Yale will pay $18.5 million to settle its own part in a class-action suit that accused 17 elite universities of price fixing. Seven other universities have also agreed to a monetary settlement. The suit alleges that the schools, which were allowed to share information with each other about financial aid under a federal exception that required their admissions policy to be need-blind, were not in fact completely need-blind in their practices. The university said in a statement that “this settlement contains no admission that Yale did anything wrong but allows the university to avoid the cost and disruption of further litigation and to continue its work in making undergraduate education more affordable for more families.”

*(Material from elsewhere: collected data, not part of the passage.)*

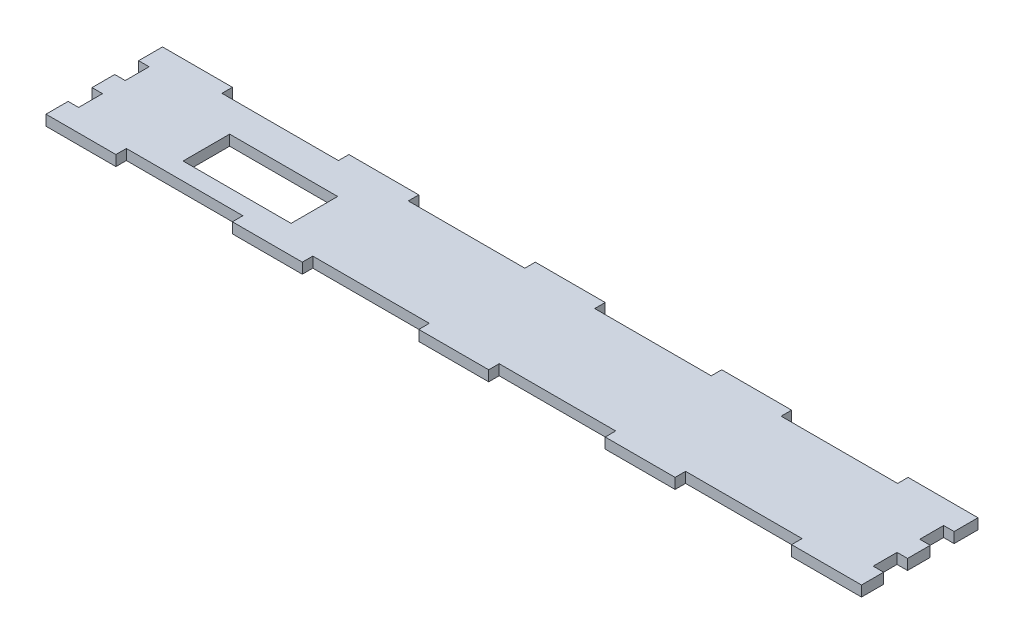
ISO-10303-21;
HEADER;
FILE_DESCRIPTION(('STEP AP214'),'2;1');
FILE_NAME('part.step','',(''),(''),'','','');
FILE_SCHEMA(('AUTOMOTIVE_DESIGN { 1 0 10303 214 1 1 1 1 }'));
ENDSEC;
DATA;
#1=APPLICATION_CONTEXT('core data for automotive mechanical design processes');
#2=APPLICATION_PROTOCOL_DEFINITION('international standard','automotive_design',2000,#1);
#3=PRODUCT_CONTEXT('',#1,'mechanical');
#4=PRODUCT('Part','Part','',(#3));
#5=PRODUCT_RELATED_PRODUCT_CATEGORY('part','',(#4));
#6=PRODUCT_DEFINITION_FORMATION('','',#4);
#7=PRODUCT_DEFINITION_CONTEXT('part definition',#1,'design');
#8=PRODUCT_DEFINITION('design','',#6,#7);
#9=PRODUCT_DEFINITION_SHAPE('','',#8);
#10=(LENGTH_UNIT() NAMED_UNIT(*) SI_UNIT(.MILLI.,.METRE.));
#11=(NAMED_UNIT(*) PLANE_ANGLE_UNIT() SI_UNIT($,.RADIAN.));
#12=(NAMED_UNIT(*) SI_UNIT($,.STERADIAN.) SOLID_ANGLE_UNIT());
#13=UNCERTAINTY_MEASURE_WITH_UNIT(LENGTH_MEASURE(1.E-05),#10,'distance_accuracy_value','');
#14=(GEOMETRIC_REPRESENTATION_CONTEXT(3) GLOBAL_UNCERTAINTY_ASSIGNED_CONTEXT((#13)) GLOBAL_UNIT_ASSIGNED_CONTEXT((#10,
#11,#12)) REPRESENTATION_CONTEXT('',''));
#15=CARTESIAN_POINT('',(0.,0.,0.));
#16=DIRECTION('',(0.,0.,1.));
#17=DIRECTION('',(1.,0.,0.));
#18=AXIS2_PLACEMENT_3D('',#15,#16,#17);
#19=CARTESIAN_POINT('',(-350.,9.,-50.));
#20=DIRECTION('',(0.,0.,1.));
#21=DIRECTION('',(1.,0.,0.));
#22=AXIS2_PLACEMENT_3D('',#19,#20,#21);
#23=PLANE('',#22);
#24=DIRECTION('',(-1.,0.,0.));
#25=VECTOR('',#24,1.);
#26=CARTESIAN_POINT('',(-350.,0.,-50.));
#27=LINE('',#26,#25);
#28=CARTESIAN_POINT('',(30.0000000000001,0.,-50.));
#29=VERTEX_POINT('',#28);
#30=CARTESIAN_POINT('',(-29.9999999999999,0.,-50.));
#31=VERTEX_POINT('',#30);
#32=EDGE_CURVE('E938',#29,#31,#27,.T.);
#33=ORIENTED_EDGE('',*,*,#32,.T.);
#34=DIRECTION('',(0.,1.,0.));
#35=VECTOR('',#34,1.);
#36=CARTESIAN_POINT('',(-29.9999999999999,0.,-50.));
#37=LINE('',#36,#35);
#38=CARTESIAN_POINT('',(-29.9999999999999,9.,-50.));
#39=VERTEX_POINT('',#38);
#40=EDGE_CURVE('E524',#31,#39,#37,.T.);
#41=ORIENTED_EDGE('',*,*,#40,.T.);
#42=DIRECTION('',(-1.,0.,0.));
#43=VECTOR('',#42,1.);
#44=CARTESIAN_POINT('',(-350.,9.,-50.));
#45=LINE('',#44,#43);
#46=CARTESIAN_POINT('',(30.0000000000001,9.,-50.));
#47=VERTEX_POINT('',#46);
#48=EDGE_CURVE('E913',#47,#39,#45,.T.);
#49=ORIENTED_EDGE('',*,*,#48,.F.);
#50=DIRECTION('',(0.,1.,0.));
#51=VECTOR('',#50,1.);
#52=CARTESIAN_POINT('',(30.0000000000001,0.,-50.));
#53=LINE('',#52,#51);
#54=EDGE_CURVE('E543',#29,#47,#53,.T.);
#55=ORIENTED_EDGE('',*,*,#54,.F.);
#56=EDGE_LOOP('',(#33,#41,#49,#55));
#57=FACE_BOUND('',#56,.T.);
#58=ADVANCED_FACE('F37',(#57),#23,.F.);
#59=CARTESIAN_POINT('',(190.,0.,-50.));
#60=VERTEX_POINT('',#59);
#61=CARTESIAN_POINT('',(130.,0.,-50.));
#62=VERTEX_POINT('',#61);
#63=EDGE_CURVE('E707',#60,#62,#27,.T.);
#64=ORIENTED_EDGE('',*,*,#63,.T.);
#65=DIRECTION('',(0.,1.,0.));
#66=VECTOR('',#65,1.);
#67=CARTESIAN_POINT('',(130.,0.,-50.));
#68=LINE('',#67,#66);
#69=CARTESIAN_POINT('',(130.,9.,-50.));
#70=VERTEX_POINT('',#69);
#71=EDGE_CURVE('E520',#62,#70,#68,.T.);
#72=ORIENTED_EDGE('',*,*,#71,.T.);
#73=CARTESIAN_POINT('',(190.,9.,-50.));
#74=VERTEX_POINT('',#73);
#75=EDGE_CURVE('E660',#74,#70,#45,.T.);
#76=ORIENTED_EDGE('',*,*,#75,.F.);
#77=DIRECTION('',(0.,1.,0.));
#78=VECTOR('',#77,1.);
#79=CARTESIAN_POINT('',(190.,0.,-50.));
#80=LINE('',#79,#78);
#81=EDGE_CURVE('E569',#60,#74,#80,.T.);
#82=ORIENTED_EDGE('',*,*,#81,.F.);
#83=EDGE_LOOP('',(#64,#72,#76,#82));
#84=FACE_BOUND('',#83,.T.);
#85=ADVANCED_FACE('F874',(#84),#23,.F.);
#86=CARTESIAN_POINT('',(350.,0.,-50.));
#87=VERTEX_POINT('',#86);
#88=CARTESIAN_POINT('',(290.,0.,-50.));
#89=VERTEX_POINT('',#88);
#90=EDGE_CURVE('E703',#87,#89,#27,.T.);
#91=ORIENTED_EDGE('',*,*,#90,.T.);
#92=DIRECTION('',(0.,1.,0.));
#93=VECTOR('',#92,1.);
#94=CARTESIAN_POINT('',(290.,0.,-50.));
#95=LINE('',#94,#93);
#96=CARTESIAN_POINT('',(290.,9.,-50.));
#97=VERTEX_POINT('',#96);
#98=EDGE_CURVE('E548',#89,#97,#95,.T.);
#99=ORIENTED_EDGE('',*,*,#98,.T.);
#100=CARTESIAN_POINT('',(350.,9.,-50.));
#101=VERTEX_POINT('',#100);
#102=EDGE_CURVE('E656',#101,#97,#45,.T.);
#103=ORIENTED_EDGE('',*,*,#102,.F.);
#104=DIRECTION('',(0.,-1.,0.));
#105=VECTOR('',#104,1.);
#106=CARTESIAN_POINT('',(350.,9.,-50.));
#107=LINE('',#106,#105);
#108=EDGE_CURVE('E761',#101,#87,#107,.T.);
#109=ORIENTED_EDGE('',*,*,#108,.T.);
#110=EDGE_LOOP('',(#91,#99,#103,#109));
#111=FACE_BOUND('',#110,.T.);
#112=ADVANCED_FACE('F881',(#111),#23,.F.);
#113=CARTESIAN_POINT('',(-290.,9.,-50.));
#114=VERTEX_POINT('',#113);
#115=CARTESIAN_POINT('',(-350.,9.,-50.));
#116=VERTEX_POINT('',#115);
#117=EDGE_CURVE('E655',#114,#116,#45,.T.);
#118=ORIENTED_EDGE('',*,*,#117,.F.);
#119=DIRECTION('',(0.,1.,0.));
#120=VECTOR('',#119,1.);
#121=CARTESIAN_POINT('',(-290.,0.,-50.));
#122=LINE('',#121,#120);
#123=CARTESIAN_POINT('',(-290.,0.,-50.));
#124=VERTEX_POINT('',#123);
#125=EDGE_CURVE('E626',#124,#114,#122,.T.);
#126=ORIENTED_EDGE('',*,*,#125,.F.);
#127=CARTESIAN_POINT('',(-350.,0.,-50.));
#128=VERTEX_POINT('',#127);
#129=EDGE_CURVE('E702',#124,#128,#27,.T.);
#130=ORIENTED_EDGE('',*,*,#129,.T.);
#131=DIRECTION('',(0.,-1.,0.));
#132=VECTOR('',#131,1.);
#133=CARTESIAN_POINT('',(-350.,9.,-50.));
#134=LINE('',#133,#132);
#135=EDGE_CURVE('E758',#116,#128,#134,.T.);
#136=ORIENTED_EDGE('',*,*,#135,.F.);
#137=EDGE_LOOP('',(#118,#126,#130,#136));
#138=FACE_BOUND('',#137,.T.);
#139=ADVANCED_FACE('F870',(#138),#23,.F.);
#140=CARTESIAN_POINT('',(-350.,9.,50.));
#141=DIRECTION('',(0.,0.,-1.));
#142=DIRECTION('',(-1.,0.,0.));
#143=AXIS2_PLACEMENT_3D('',#140,#141,#142);
#144=PLANE('',#143);
#145=DIRECTION('',(1.,0.,0.));
#146=VECTOR('',#145,1.);
#147=CARTESIAN_POINT('',(-350.,0.,50.));
#148=LINE('',#147,#146);
#149=CARTESIAN_POINT('',(130.,0.,50.));
#150=VERTEX_POINT('',#149);
#151=CARTESIAN_POINT('',(190.,0.,50.));
#152=VERTEX_POINT('',#151);
#153=EDGE_CURVE('E814',#150,#152,#148,.T.);
#154=ORIENTED_EDGE('',*,*,#153,.T.);
#155=DIRECTION('',(0.,1.,0.));
#156=VECTOR('',#155,1.);
#157=CARTESIAN_POINT('',(190.,0.,50.));
#158=LINE('',#157,#156);
#159=CARTESIAN_POINT('',(190.,9.,50.));
#160=VERTEX_POINT('',#159);
#161=EDGE_CURVE('E595',#152,#160,#158,.T.);
#162=ORIENTED_EDGE('',*,*,#161,.T.);
#163=DIRECTION('',(1.,0.,0.));
#164=VECTOR('',#163,1.);
#165=CARTESIAN_POINT('',(-350.,9.,50.));
#166=LINE('',#165,#164);
#167=CARTESIAN_POINT('',(130.,9.,50.));
#168=VERTEX_POINT('',#167);
#169=EDGE_CURVE('E841',#168,#160,#166,.T.);
#170=ORIENTED_EDGE('',*,*,#169,.F.);
#171=DIRECTION('',(0.,1.,0.));
#172=VECTOR('',#171,1.);
#173=CARTESIAN_POINT('',(130.,0.,50.));
#174=LINE('',#173,#172);
#175=EDGE_CURVE('E451',#150,#168,#174,.T.);
#176=ORIENTED_EDGE('',*,*,#175,.F.);
#177=EDGE_LOOP('',(#154,#162,#170,#176));
#178=FACE_BOUND('',#177,.T.);
#179=ADVANCED_FACE('F855',(#178),#144,.F.);
#180=CARTESIAN_POINT('',(-29.9999999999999,0.,50.));
#181=VERTEX_POINT('',#180);
#182=CARTESIAN_POINT('',(30.0000000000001,0.,50.));
#183=VERTEX_POINT('',#182);
#184=EDGE_CURVE('E816',#181,#183,#148,.T.);
#185=ORIENTED_EDGE('',*,*,#184,.T.);
#186=DIRECTION('',(0.,1.,0.));
#187=VECTOR('',#186,1.);
#188=CARTESIAN_POINT('',(30.0000000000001,0.,50.));
#189=LINE('',#188,#187);
#190=CARTESIAN_POINT('',(30.0000000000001,9.,50.));
#191=VERTEX_POINT('',#190);
#192=EDGE_CURVE('E437',#183,#191,#189,.T.);
#193=ORIENTED_EDGE('',*,*,#192,.T.);
#194=CARTESIAN_POINT('',(-29.9999999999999,9.,50.));
#195=VERTEX_POINT('',#194);
#196=EDGE_CURVE('E839',#195,#191,#166,.T.);
#197=ORIENTED_EDGE('',*,*,#196,.F.);
#198=DIRECTION('',(0.,1.,0.));
#199=VECTOR('',#198,1.);
#200=CARTESIAN_POINT('',(-29.9999999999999,0.,50.));
#201=LINE('',#200,#199);
#202=EDGE_CURVE('E477',#181,#195,#201,.T.);
#203=ORIENTED_EDGE('',*,*,#202,.F.);
#204=EDGE_LOOP('',(#185,#193,#197,#203));
#205=FACE_BOUND('',#204,.T.);
#206=ADVANCED_FACE('F869',(#205),#144,.F.);
#207=CARTESIAN_POINT('',(-190.,0.,50.));
#208=VERTEX_POINT('',#207);
#209=CARTESIAN_POINT('',(-130.,0.,50.));
#210=VERTEX_POINT('',#209);
#211=EDGE_CURVE('E728',#208,#210,#148,.T.);
#212=ORIENTED_EDGE('',*,*,#211,.T.);
#213=DIRECTION('',(0.,1.,0.));
#214=VECTOR('',#213,1.);
#215=CARTESIAN_POINT('',(-130.,0.,50.));
#216=LINE('',#215,#214);
#217=CARTESIAN_POINT('',(-130.,9.,50.));
#218=VERTEX_POINT('',#217);
#219=EDGE_CURVE('E465',#210,#218,#216,.T.);
#220=ORIENTED_EDGE('',*,*,#219,.T.);
#221=CARTESIAN_POINT('',(-190.,9.,50.));
#222=VERTEX_POINT('',#221);
#223=EDGE_CURVE('E683',#222,#218,#166,.T.);
#224=ORIENTED_EDGE('',*,*,#223,.F.);
#225=DIRECTION('',(0.,1.,0.));
#226=VECTOR('',#225,1.);
#227=CARTESIAN_POINT('',(-190.,0.,50.));
#228=LINE('',#227,#226);
#229=EDGE_CURVE('E501',#208,#222,#228,.T.);
#230=ORIENTED_EDGE('',*,*,#229,.F.);
#231=EDGE_LOOP('',(#212,#220,#224,#230));
#232=FACE_BOUND('',#231,.T.);
#233=ADVANCED_FACE('F828',(#232),#144,.F.);
#234=CARTESIAN_POINT('',(-350.,0.,50.));
#235=VERTEX_POINT('',#234);
#236=CARTESIAN_POINT('',(-290.,0.,50.));
#237=VERTEX_POINT('',#236);
#238=EDGE_CURVE('E639',#235,#237,#148,.T.);
#239=ORIENTED_EDGE('',*,*,#238,.T.);
#240=DIRECTION('',(0.,1.,0.));
#241=VECTOR('',#240,1.);
#242=CARTESIAN_POINT('',(-290.,0.,50.));
#243=LINE('',#242,#241);
#244=CARTESIAN_POINT('',(-290.,9.,50.));
#245=VERTEX_POINT('',#244);
#246=EDGE_CURVE('E491',#237,#245,#243,.T.);
#247=ORIENTED_EDGE('',*,*,#246,.T.);
#248=CARTESIAN_POINT('',(-350.,9.,50.));
#249=VERTEX_POINT('',#248);
#250=EDGE_CURVE('E679',#249,#245,#166,.T.);
#251=ORIENTED_EDGE('',*,*,#250,.F.);
#252=DIRECTION('',(0.,-1.,0.));
#253=VECTOR('',#252,1.);
#254=CARTESIAN_POINT('',(-350.,9.,50.));
#255=LINE('',#254,#253);
#256=EDGE_CURVE('E731',#249,#235,#255,.T.);
#257=ORIENTED_EDGE('',*,*,#256,.T.);
#258=EDGE_LOOP('',(#239,#247,#251,#257));
#259=FACE_BOUND('',#258,.T.);
#260=ADVANCED_FACE('F856',(#259),#144,.F.);
#261=CARTESIAN_POINT('',(349.999999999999,9.,31.));
#262=DIRECTION('',(-1.,0.,0.));
#263=DIRECTION('',(0.,0.,1.));
#264=AXIS2_PLACEMENT_3D('',#261,#262,#263);
#265=PLANE('',#264);
#266=DIRECTION('',(0.,0.,-1.));
#267=VECTOR('',#266,1.);
#268=CARTESIAN_POINT('',(349.999999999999,0.,31.));
#269=LINE('',#268,#267);
#270=CARTESIAN_POINT('',(350.,0.,50.));
#271=VERTEX_POINT('',#270);
#272=CARTESIAN_POINT('',(349.999999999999,0.,31.));
#273=VERTEX_POINT('',#272);
#274=EDGE_CURVE('E628',#271,#273,#269,.T.);
#275=ORIENTED_EDGE('',*,*,#274,.T.);
#276=DIRECTION('',(0.,-1.,0.));
#277=VECTOR('',#276,1.);
#278=CARTESIAN_POINT('',(349.999999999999,9.,31.));
#279=LINE('',#278,#277);
#280=CARTESIAN_POINT('',(349.999999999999,9.,31.));
#281=VERTEX_POINT('',#280);
#282=EDGE_CURVE('E11',#281,#273,#279,.T.);
#283=ORIENTED_EDGE('',*,*,#282,.F.);
#284=DIRECTION('',(0.,0.,-1.));
#285=VECTOR('',#284,1.);
#286=CARTESIAN_POINT('',(349.999999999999,9.,31.));
#287=LINE('',#286,#285);
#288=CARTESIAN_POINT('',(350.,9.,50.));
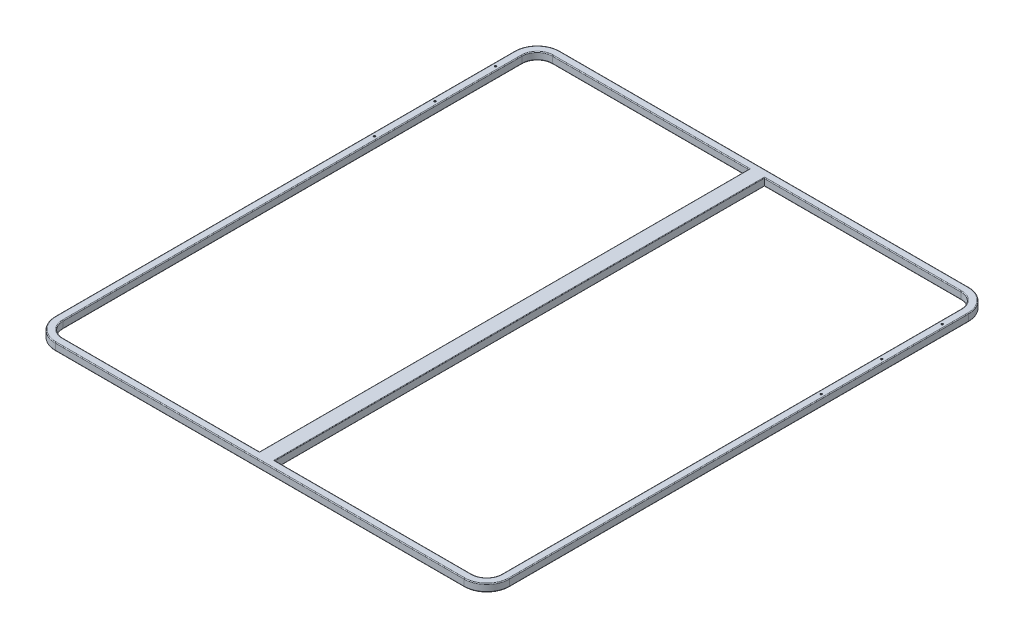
from build123d import *

# Parameters (mm, degrees)
EXTRUDE_1_DEPTH      = 30
SKETCH_2_R           = 3.75
CUT_EXTRUDE_1_DEPTH  = 1346.696845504
FILLET_1_R           = 3
SHELL_2_T            = -2
EXTRUDE_2_DEPTH      = 1943
EXTRUDE_2_DEPTH_BACK = 3
SKETCH_3_W           = 56
SKETCH_3_H           = 26


with BuildPart() as part:
    # Sketch 1 → Extrude 1 (new body)
    with BuildSketch(Plane(origin=(0, 0, 0), x_dir=(1, 0, 0), z_dir=(0, 1, 0))):
        with BuildLine():
            Line((-810, -1000), (810, -1000))
            ThreePointArc((810, -1000), (873.639610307, -973.639610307), (900, -910))
            Line((900, -910), (900, 910))
            ThreePointArc((900, 910), (873.639610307, 973.639610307), (810, 1000))
            Line((810, 1000), (-810, 1000))
            ThreePointArc((-810, 1000), (-873.639610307, 973.639610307), (-900, 910))
            Line((-900, 910), (-900, -910))
            ThreePointArc((-900, -910), (-873.639610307, -973.639610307), (-810, -1000))
        make_face()
        with BuildLine():
            Line((-810, -970), (810, -970))
            ThreePointArc((810, -970), (852.426406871, -952.426406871), (870, -910))
            Line((870, -910), (870, 910))
            ThreePointArc((870, 910), (852.426406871, 952.426406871), (810, 970))
            Line((810, 970), (-810, 970))
            ThreePointArc((-810, 970), (-852.426406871, 952.426406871), (-870, 910))
            Line((-870, 910), (-870, -910))
            ThreePointArc((-870, -910), (-852.426406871, -952.426406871), (-810, -970))
        make_face(mode=Mode.SUBTRACT)
    extrude(amount=EXTRUDE_1_DEPTH)

    # Sketch 2 → Cut-Extrude 1 (cut, through all)
    with BuildSketch(Plane(origin=(0, 30, 0), x_dir=(1, 0, 0), z_dir=(0, 1, 0))):
        with Locations(Location((-885, 820, 0), (0, 0, 270))):
            Circle(SKETCH_2_R)
        with Locations(Location((-885, 580, 0), (0, 0, 270))):
            Circle(SKETCH_2_R)
        with Locations(Location((-885, 340, 0), (0, 0, 270))):
            Circle(SKETCH_2_R)
    cut_extrude_1 = extrude(amount=-CUT_EXTRUDE_1_DEPTH, mode=Mode.SUBTRACT)

    # Mirror 1: Cut-Extrude 1 across plane
    add(cut_extrude_1.mirror(Plane(origin=(0, 0, 0), x_dir=(0, 0, 1), z_dir=(1, 0, 0))), mode=Mode.SUBTRACT)

    # Fillet 1
    fillet_1_edges = [part.edges().sort_by_distance(p)[0] for p in [
        (873.639610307, 30, 973.639610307),
        (0, 0, 1000),
        (-873.639610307, 0, 973.639610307),
        (900, 30, 0),
        (873.639610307, 30, -973.639610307),
        (0, 30, -1000),
        (-873.639610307, 30, -973.639610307),
        (-900, 30, 0),
        (-852.426406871, 0, 952.426406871),
        (0, 0, 970),
        (852.426406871, 0, 952.426406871),
        (870, 0, 0),
        (852.426406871, 0, -952.426406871),
        (0, 0, -970),
        (-852.426406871, 0, -952.426406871),
        (-870, 0, 0),
        (-852.426406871, 30, 952.426406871),
        (0, 30, 970),
        (852.426406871, 30, 952.426406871),
        (870, 30, 0),
        (852.426406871, 30, -952.426406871),
        (0, 30, -970),
        (-852.426406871, 30, -952.426406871),
        (-870, 30, 0),
        (-873.639610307, 30, 973.639610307),
        (0, 30, 1000),
        (-900, 0, 0),
        (-873.639610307, 0, -973.639610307),
        (0, 0, -1000),
        (873.639610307, 0, -973.639610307),
        (900, 0, 0),
        (873.639610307, 0, 973.639610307),
    ]]
    fillet(fillet_1_edges, radius=FILLET_1_R)

    # Shell 2
    shell_2_openings = [part.faces().sort_by_distance(p)[0] for p in [
        (-885, 15, -823.75),
        (-885, 15, -583.75),
        (-885, 15, -343.75),
        (885, 15, -823.75),
        (885, 15, -583.75),
        (885, 15, -343.75),
    ]]
    offset(amount=SHELL_2_T, openings=shell_2_openings, kind=Kind.INTERSECTION)

    # Sketch 3 → Extrude 2 (add, two sides: drawn at the far end of the back side and taken through both)
    with BuildSketch(Plane.XY.offset(-970).offset(-EXTRUDE_2_DEPTH_BACK)):
        with BuildLine():
            Line((-28, 30), (28, 30))
            ThreePointArc((28, 30), (29.414213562, 29.414213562), (30, 28))
            Line((30, 28), (30, 2))
            ThreePointArc((30, 2), (29.414213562, 0.585786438), (28, 0))
            Line((28, 0), (-28, 0))
            ThreePointArc((-28, 0), (-29.414213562, 0.585786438), (-30, 2))
            Line((-30, 2), (-30, 28))
            ThreePointArc((-30, 28), (-29.414213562, 29.414213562), (-28, 30))
        make_face()
        with Locations((0, 15)):
            Rectangle(SKETCH_3_W, SKETCH_3_H, mode=Mode.SUBTRACT)
    extrude(amount=EXTRUDE_2_DEPTH + EXTRUDE_2_DEPTH_BACK)


solid = part.part

A new building for the dramatic arts will begin taking shape in the area of Chapel, York and Crown Streets, thanks to what the university calls a “pivotal lead gift.” The building will house a state-of-the-art theater for the David Geffen School of Drama and for the Yale Repertory Theatre. It will also provide rehearsal space, classrooms, offices, and production workshops for the drama school, the undergraduate program in theater, dance, and performance studies, and the Yale Dramat. The Toronto firm KPMB Architects is designing the building.
The sticker price for a Yale College education will go up by 3.9 percent for 2024–25, to $87,150. Fewer than half of undergraduates will likely pay that much, however: 53 percent currently receive some amount of financial aid. The average financial aid award is more than $66,000.
L. L. Bean closed its store in the Broadway district in February. The clothing and outdoor equipment retailer had been on Elm Street since 2018, occupying a 9,000-square-foot store in the base of a Yale-owned dormitory for graduate students. Yale University Properties says a fashion retailer is tentatively expected to open later this year.